顺子吓的冷汗直流,他不断给朱灼磕头:“殿下三思,皇上吩咐过您三年之内同皇后娘娘无召不得见面,若是被皇上发现殿下您的太子之位就不保了,外头一堆豺狼虎豹盯着您的一言一行,您前脚才进坤宁宫后脚肯定消息就会泄露到皇上那里,殿下,您和皇后娘娘好不容易才把太子之位夺到手,现在万万不能冲动啊殿下。”顺子苦口婆心的劝说着,就希望能让朱灼打消去坤宁宫的念头,只要能把太子之位保住外头那些人才会有一丝忌惮,不然就是为砧板上的鱼肉任人宰割了。

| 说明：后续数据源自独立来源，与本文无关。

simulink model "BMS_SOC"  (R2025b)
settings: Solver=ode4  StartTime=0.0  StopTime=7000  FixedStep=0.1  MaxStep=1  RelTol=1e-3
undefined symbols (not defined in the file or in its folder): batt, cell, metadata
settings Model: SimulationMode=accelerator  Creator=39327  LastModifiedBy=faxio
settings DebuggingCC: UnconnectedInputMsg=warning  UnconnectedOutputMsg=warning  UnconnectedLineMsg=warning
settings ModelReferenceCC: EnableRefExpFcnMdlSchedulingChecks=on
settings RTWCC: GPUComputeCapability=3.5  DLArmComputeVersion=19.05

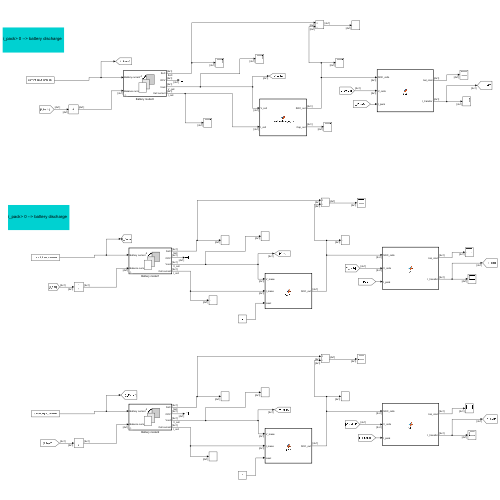
[thumbnail: Simulink's stored preview of the top-level diagram]
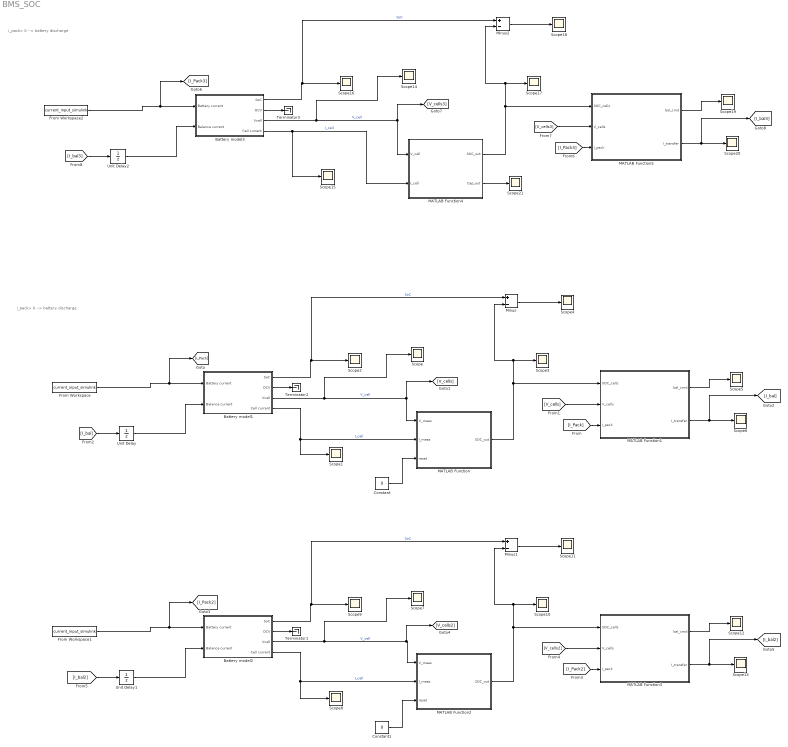
== system BMS_SOC ==
  note: i_pack> 0 --> battery discharge
  note: i_pack> 0 --> battery discharge
  Battery model1 : Subsystem  mask{Soc_init=batt.soc0, Qcell=batt.c_cell, R0_data=batt.r0, R1=batt.r1, C1=batt.c1, ocv_data=cell.ocv, soc_data=cell.soc}
      mask prompts: Soc_init "initial SoC [N_cell*1]"; Qcell "cell capacity [N_cell*1]"; R0_data "R0 [Ncell*soc_pnt]"; R1 "R1[not used here]"; C1 "C1[not used here]"; ocv_data "ocv_data [1*soc_pnt]"; soc_data "soc_data [1*soc_pnt]"
      mask DialogControl DescGroupVar Prompt: Battery model composed of Ncell
      mask DialogControl DescTextVar Prompt: the SoC varies in range 0-1.  Cell number is defined with the dimension of "cell capacity"[N_cell]
  Battery model2 : Subsystem  mask{Soc_init=batt.soc0, Qcell=batt.c_cell, R0_data=batt.r0, R1=batt.r1, C1=batt.c1, ocv_data=cell.ocv, soc_data=cell.soc}
      mask prompts: Soc_init "initial SoC [N_cell*1]"; Qcell "cell capacity [N_cell*1]"; R0_data "R0 [Ncell*soc_pnt]"; R1 "R1[not used here]"; C1 "C1[not used here]"; ocv_data "ocv_data [1*soc_pnt]"; soc_data "soc_data [1*soc_pnt]"
      mask DialogControl DescGroupVar Prompt: Battery model composed of Ncell
      mask DialogControl DescTextVar Prompt: the SoC varies in range 0-1.  Cell number is defined with the dimension of "cell capacity"[N_cell]
  Battery model3 : Subsystem  mask{Soc_init=batt.soc0, Qcell=batt.c_cell, R0_data=batt.r0, R1=batt.r1, C1=batt.c1, ocv_data=cell.ocv, soc_data=cell.soc}
      mask prompts: Soc_init "initial SoC [N_cell*1]"; Qcell "cell capacity [N_cell*1]"; R0_data "R0 [Ncell*soc_pnt]"; R1 "R1[not used here]"; C1 "C1[not used here]"; ocv_data "ocv_data [1*soc_pnt]"; soc_data "soc_data [1*soc_pnt]"
      mask DialogControl DescGroupVar Prompt: Battery model composed of Ncell
      mask DialogControl DescTextVar Prompt: the SoC varies in range 0-1.  Cell number is defined with the dimension of "cell capacity"[N_cell]
  Constant : Constant  Value=0
  Constant1 : Constant  Value=0
  From Workspace : FromWorkspace  VariableName=current_input_simulink  SampleTime=1
  From Workspace1 : FromWorkspace  VariableName=current_input_simulink  SampleTime=1
  From Workspace2 : FromWorkspace  VariableName=current_input_simulink  SampleTime=1
  MATLAB Function : MATLAB Function  TreatAsAtomicUnit=on
  MATLAB Function1 : MATLAB Function  TreatAsAtomicUnit=on  SystemSampleTime=0.1
  MATLAB Function2 : MATLAB Function  TreatAsAtomicUnit=on
  MATLAB Function3 : MATLAB Function  TreatAsAtomicUnit=on  SystemSampleTime=0.1
  MATLAB Function4 : MATLAB Function  TreatAsAtomicUnit=on
  MATLAB Function5 : MATLAB Function  TreatAsAtomicUnit=on  SystemSampleTime=0.1
  Minus : Sum  Inputs=+-
  Minus1 : Sum  Inputs=+-
  Minus2 : Sum  Inputs=+-
  Scope{,1..21} (22 alike) : Scope
      Scope settings: ActiveDisplayYMinimum=3.2688273744129139  ActiveDisplayYMaximum=4.3528683057854645
      Scope1 settings: ActiveDisplayYMinimum=-4.7084210256264356  ActiveDisplayYMaximum=4.9676023361807147
      Scope10 settings: ActiveDisplayYMinimum=-0.1  ActiveDisplayYMaximum=1.1  DataLoggingVariableName=ScopeData7
      Scope11 settings: ActiveDisplayYMinimum=-0.15496450956014618  ActiveDisplayYMaximum=0.21781817172296922  DataLoggingVariableName=ScopeData8
      Scope12 settings: ActiveDisplayYMinimum=-1.2378278494765407  ActiveDisplayYMaximum=1.1192335784275058  DataLoggingVariableName=ScopeData9
      Scope13 settings: ActiveDisplayYMinimum=-1.1600000000000001  ActiveDisplayYMaximum=1.24  DataLoggingVariableName=ScopeData10
      Scope14 settings: ActiveDisplayYMinimum=3.2688273744129139  ActiveDisplayYMaximum=4.3528683057854645  DataLoggingVariableName=ScopeData14
      Scope15 settings: ActiveDisplayYMinimum=-4.7084210256264356  ActiveDisplayYMaximum=4.9676023361807147  DataLoggingVariableName=ScopeData15
      Scope16 settings: ActiveDisplayYMinimum=-0.1  ActiveDisplayYMaximum=1.1  DataLoggingVariableName=ScopeData16
      Scope17 settings: ActiveDisplayYMinimum=0.92795123772963251  ActiveDisplayYMaximum=1.0349099222905718  DataLoggingVariableName=ScopeData17
      Scope18 settings: ActiveDisplayYMinimum=-0.30283794359420108  ActiveDisplayYMaximum=0.25636016397696909  DataLoggingVariableName=ScopeData18
      Scope19 settings: ActiveDisplayYMinimum=-1.2378278494765407  ActiveDisplayYMaximum=1.1192335784275058  DataLoggingVariableName=ScopeData19
      Scope2 settings: ActiveDisplayYMinimum=-0.1  ActiveDisplayYMaximum=1.1  DataLoggingVariableName=ScopeData2
      Scope20 settings: ActiveDisplayYMinimum=-0.32080851306321917  ActiveDisplayYMaximum=0.28672639786307896  DataLoggingVariableName=ScopeData20
      Scope21 settings: ActiveDisplayYMinimum=-2.039376682993602E+9  ActiveDisplayYMaximum=1.6277220397698671E+10  DataLoggingVariableName=ScopeData21
      Scope3 settings: ActiveDisplayYMinimum=-0.1  ActiveDisplayYMaximum=1.1  DataLoggingVariableName=ScopeData3
      Scope4 settings: ActiveDisplayYMinimum=-0.015721734219682579  ActiveDisplayYMaximum=0.063471743751515083  DataLoggingVariableName=ScopeData4
      Scope5 settings: ActiveDisplayYMinimum=-1.2378278494765407  ActiveDisplayYMaximum=1.1192335784275058  DataLoggingVariableName=ScopeData5
      Scope6 settings: ActiveDisplayYMinimum=-0.32080851306321917  ActiveDisplayYMaximum=0.28672639786307896  DataLoggingVariableName=ScopeData6
      Scope7 settings: ActiveDisplayYMinimum=3.2688273744129139  ActiveDisplayYMaximum=4.3528683057854645  DataLoggingVariableName=ScopeData11
      Scope8 settings: ActiveDisplayYMinimum=-4.7084210256264356  ActiveDisplayYMaximum=4.9676023361807147  DataLoggingVariableName=ScopeData12
      Scope9 settings: ActiveDisplayYMinimum=-0.1  ActiveDisplayYMaximum=1.1  DataLoggingVariableName=ScopeData13
  Terminator1 : Terminator
  Terminator2 : Terminator
  Terminator3 : Terminator
  Unit Delay : UnitDelay  SampleTime=-1  HasFrameUpgradeWarning=on
  Unit Delay1 : UnitDelay  SampleTime=-1  HasFrameUpgradeWarning=on
  Unit Delay2 : UnitDelay  SampleTime=-1  HasFrameUpgradeWarning=on
  wires:
  Battery model1/2(OCV) -> Terminator2/1
  From Workspace/1 -> [I_Pack], Battery model1/1(Battery current)
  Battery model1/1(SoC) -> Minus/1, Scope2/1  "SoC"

殿中十分安静只有朱灼沉重的呼吸声透露着他内心的愤懑,他想的远比顺子多得多,看似那些虎视眈眈的人不敢动他,实际上恨不得生吞他的血肉。

生在帝王之家他从小接受到的教育都十分残忍,父子不是父子,兄弟间连手足之情都没有,在皇家谈亲情是要被人耻笑的。

就算是被贬为庶人或是被夺去性命朱灼都认了,至少在他死之前能见母后一面,那就足矣。

看着朱灼决绝的背影顺子咬着牙跟上去,他是朱灼最亲近的内侍,两人的关系一直都是一荣俱荣,一损俱损。

太子殿下都不怕那他一个无根的人就不应该畏畏缩缩。

大不了就是一死。

“殿下,奴才同您一块去。”顺子声音不再像往常那样尖锐。

面对空荡荡的东宫两人都很清楚没有退路可言。

赵言和陈东平还在里头迷路,左拐右拐愣是找不到正确的方向,陈东平又怕又急:“大人,我们怎么又绕回这条回廊了,关键是除了门外的侍卫一个人都没见着,这东宫未免太阴森了吧。”早知道他以前就不听那么多关于东宫的鬼故事了,现在他总觉得毛骨悚然,生怕下一秒见到阴间的东西。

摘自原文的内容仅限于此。